In my previous post on the FCC’s Open Internet Report and Order, I looked at the weak justification given for the new rules the Commission approved on Dec. 21, 2010
In this post, an aside on the likely costs of the rules, and in particular the costs of enforcement.
Last week was the 100th birthday of Nobel prize-winning economist Ronald Coase, a remarkable man I have had the great fortune to know personally. Among his many contributions to the field, Coase has always advocated for more empirical research and other data collection to help lead the field out of its theoretical quagmire. To that end, Coase co-founded the International Society for New Institutional Economics, and served as its first President in 1996.
Unfortunately, the FCC, which owes a great debt to Coase for his early championing of auctions for radio spectrum, does not seem to have learned much else from his work. In a section optimistically captioned, “The Benefits of Protecting the Internet’s Openness Exceed the Costs” (¶¶ 38-42), the Commission makes no effort to calculate either with any hint of rigor. Wishing away serious economic analysis, the Report simply states that “By comparison to the benefits of these prophylactic measures, the costs associated with the open Internet rules adopted here are likely small.”

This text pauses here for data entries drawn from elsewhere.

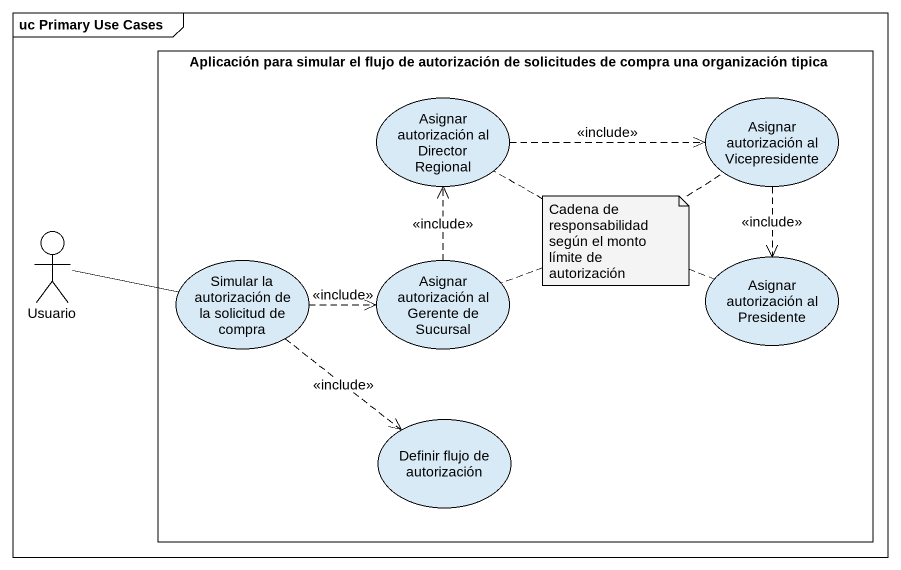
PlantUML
@startuml
mainframe uc Primary Use Cases
rectangle "Aplicación para simular el flujo de autorización de solicitudes de compra una organización tipica" as Aplicación_para_simular_el {
  usecase "Asignar autorización al Director Regional" as Asignar_autorización_al
  usecase "Asignar autorización al Vicepresidente" as Asignar_autorización_al_2
  usecase "Simular la autorización de la solicitud de compra" as Simular_la_autorización_de
  usecase "Asignar autorización al Gerente de Sucursal" as Asignar_autorización_al_3
  usecase "Asignar autorización al Presidente" as Asignar_autorización_al_4
  usecase "Definir flujo de autorización" as Definir_flujo_de
}
actor Usuario
Asignar_autorización_al .right.> Asignar_autorización_al_2 : <<include>>
Asignar_autorización_al_2 ..> Asignar_autorización_al_4 : <<include>>
Usuario -right- Simular_la_autorización_de
Simular_la_autorización_de .right.> Asignar_autorización_al_3 : <<include>>
Simular_la_autorización_de ..> Definir_flujo_de : <<include>>
Asignar_autorización_al_3 .up.> Asignar_autorización_al : <<include>>
note as N1
  Cadena de responsabilidad según el monto límite de autorización
end note
N1 .. Asignar_autorización_al
N1 .. Asignar_autorización_al_4
N1 .. Asignar_autorización_al_3
N1 .. Asignar_autorización_al_2
@enduml
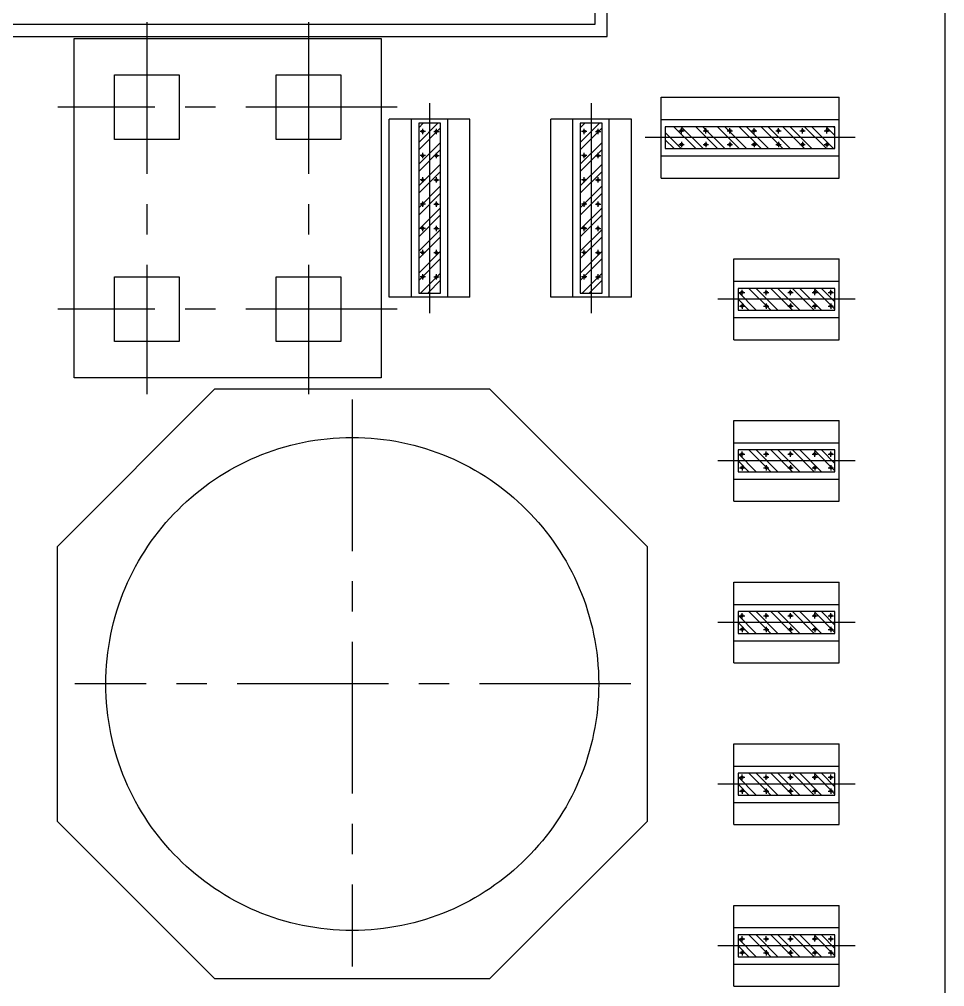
# Model space of a CAD drawing. Header units: millimetres. Extents: x 2448621 to 2484291, y -423869 to -398639.
# Drawn here: x 2480735.5 to 2481079.1, y -400999.8 to -400640.8 of the extents above; entities that cross this region are included whole.
import ezdxf

# ---------------------------------------------------------------- set-up
doc = ezdxf.new("R2010")
doc.units = ezdxf.units.MM
doc.header["$LTSCALE"] = 30
doc.linetypes.add('CENTER', pattern=[2, 1.25, -0.25, 0.25, -0.25])
doc.linetypes.add('HID', pattern=[3, 2, -1])
for name, color, linetype in [('C_CEN', 1, 'CENTER'), ('C_CONC', 3, 'Continuous'), ('SITE BOUNDARY-AP', 4, 'xxx')]:
    doc.layers.add(name, color=color, linetype=linetype)
doc.layers.add('DITCH', color=7, linetype='Continuous', lineweight=0)
doc.styles.get("Standard").update_dxf_attribs({"font": 'romans.shx', "width": 0.75, "bigfont": 'whgtxt.shx'})
doc.linetypes.add('xxx', pattern='A,0.25,-0.022286,["xxx",Standard,S=0.1,R=0,X=0,Y=-0.035957],-0.221744', length=0.49403)
pattern_1 = [(135, (897.6034, -5584.427), (-2.6940768, -2.6940768), []), (135, (897.6034, -5582.631), (-2.6940768, -2.6940768), [])]
pattern_2 = [(225, (2761.564, 1563.6816), (2.6940768, -2.6940768), []), (225, (2759.768, 1563.6816), (2.6940768, -2.6940768), [])]
pattern_3 = [(225, (2721.564, 1563.6816), (2.6940768, -2.6940768), []), (225, (2719.768, 1563.6816), (2.6940768, -2.6940768), [])]

# ---------------------------------------------------------------- blocks, each defined once
blk = doc.blocks.new('KEY PLAN_NEW')
h = blk.add_hatch()
h.set_pattern_fill('ANSI32', color=253, scale=0.4, angle=180, style=0)
h.set_pattern_definition(pattern_3)
h.paths.add_polyline_path([(-1768.68, -1049.94), (-1768.68, -1007.94), (-1774.08, -1007.94), (-1774.08, -1049.94)])
h = blk.add_hatch()
h.set_pattern_fill('ANSI32', color=253, scale=0.4, angle=180, style=0)
h.set_pattern_definition(pattern_3)
h.paths.add_polyline_path([(-1768.68, -1049.94), (-1768.68, -1007.94), (-1774.08, -1007.94), (-1774.08, -1049.94)])
h = blk.add_hatch()
h.set_pattern_fill('ANSI32', color=253, scale=0.4, angle=180, style=0)
h.set_pattern_definition(pattern_2)
h.paths.add_polyline_path([(-1728.68, -1049.94), (-1728.68, -1007.94), (-1734.08, -1007.94), (-1734.08, -1049.94)])
h = blk.add_hatch()
h.set_pattern_fill('ANSI32', color=253, scale=0.4, angle=180, style=0)
h.set_pattern_definition(pattern_2)
h.paths.add_polyline_path([(-1728.68, -1049.94), (-1728.68, -1007.94), (-1734.08, -1007.94), (-1734.08, -1049.94)])
h = blk.add_hatch()
h.set_pattern_fill('ANSI32', color=253, scale=0.4, angle=90, style=0)
h.set_pattern_definition([(135, (900.6034, -5504.427), (-2.6940768, -2.6940768), []), (135, (900.6034, -5502.631), (-2.6940768, -2.6940768), [])])
h.paths.add_polyline_path([(-1713.02, -1014.18), (-1671.02, -1014.18), (-1671.02, -1008.78), (-1713.02, -1008.78)])
h = blk.add_hatch()
h.set_pattern_fill('ANSI32', color=253, scale=0.4, angle=90, style=0)
h.set_pattern_definition([(135, (897.6034, -5544.427), (-2.6940768, -2.6940768), []), (135, (897.6034, -5542.631), (-2.6940768, -2.6940768), [])])
h.paths.add_polyline_path([(-1695.02, -1054.18), (-1671.02, -1054.18), (-1671.02, -1048.78), (-1695.02, -1048.78)])
h = blk.add_hatch()
h.set_pattern_fill('ANSI32', color=253, scale=0.4, angle=90, style=0)
h.set_pattern_definition(pattern_1)
h.paths.add_polyline_path([(-1695.02, -1094.18), (-1671.02, -1094.18), (-1671.02, -1088.78), (-1695.02, -1088.78)])
h = blk.add_hatch()
h.set_pattern_fill('ANSI32', color=253, scale=0.4, angle=90, style=0)
h.set_pattern_definition(pattern_1)
h.paths.add_polyline_path([(-1695.02, -1094.18), (-1671.02, -1094.18), (-1671.02, -1088.78), (-1695.02, -1088.78)])
h = blk.add_hatch()
h.set_pattern_fill('ANSI32', color=253, scale=0.4, angle=90, style=0)
h.set_pattern_definition([(135, (897.6034, -5624.427), (-2.6940768, -2.6940768), []), (135, (897.6034, -5622.631), (-2.6940768, -2.6940768), [])])
h.paths.add_polyline_path([(-1695.02, -1134.18), (-1671.02, -1134.18), (-1671.02, -1128.78), (-1695.02, -1128.78)])
h = blk.add_hatch()
h.set_pattern_fill('ANSI32', color=253, scale=0.4, angle=90, style=0)
h.set_pattern_definition([(135, (897.6034, -5664.427), (-2.6940768, -2.6940768), []), (135, (897.6034, -5662.631), (-2.6940768, -2.6940768), [])])
h.paths.add_polyline_path([(-1695.02, -1174.18), (-1671.02, -1174.18), (-1671.02, -1168.78), (-1695.02, -1168.78)])
h = blk.add_hatch()
h.set_pattern_fill('ANSI32', color=253, scale=0.4, angle=90, style=0)
h.set_pattern_definition([(135, (897.6034, -5704.427), (-2.6940768, -2.6940768), []), (135, (897.6034, -5702.631), (-2.6940768, -2.6940768), [])])
h.paths.add_polyline_path([(-1695.02, -1214.18), (-1671.02, -1214.18), (-1671.02, -1208.78), (-1695.02, -1208.78)])
at = {"color": 253}
for p, q in [((-1771.38, -1002.94), (-1771.38, -1054.94)), ((-1771.38, -1002.94), (-1771.38, -1054.94)), ((-1731.38, -1002.94), (-1731.38, -1054.94)), ((-1731.38, -1002.94), (-1731.38, -1054.94)), ((-1714.02, -1021.48), (-1714.02, -1001.48)), ((-1714.02, -1001.48), (-1670.02, -1001.48)), ((-1670.02, -1021.48), (-1670.02, -1001.48)), ((-1781.38, -1050.94), (-1781.38, -1006.94)), ((-1761.38, -1006.94), (-1781.38, -1006.94)), ((-1781.38, -1050.94), (-1781.38, -1006.94)), ((-1761.38, -1006.94), (-1781.38, -1006.94)), ((-1775.88, -1050.94), (-1775.88, -1006.94)), ((-1775.88, -1050.94), (-1775.88, -1006.94)), ((-1766.88, -1050.94), (-1766.88, -1006.94)), ((-1766.88, -1050.94), (-1766.88, -1006.94)), ((-1761.38, -1050.94), (-1761.38, -1006.94)), ((-1761.38, -1050.94), (-1761.38, -1006.94)), ((-1741.38, -1050.94), (-1741.38, -1006.94)), ((-1721.38, -1006.94), (-1741.38, -1006.94)), ((-1741.38, -1050.94), (-1741.38, -1006.94)), ((-1721.38, -1006.94), (-1741.38, -1006.94)), ((-1735.88, -1050.94), (-1735.88, -1006.94)), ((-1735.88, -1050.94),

The sole citation for this remarkable claim is to comments filed by Free Press, one of fifty citations to Free Press in the Report. So far as I know, Free Press does not keep economists on staff, nor did they perform any economic analysis of the benefits or costs of rules that, of course, weren’t in any case finalized until months after comments were filed.
So the belief that the costs are likely small, let alone the value of the benefits not of the open Internet but of the rules adopted to salvage it, is simply that—a belief, or, more likely, a mere hope.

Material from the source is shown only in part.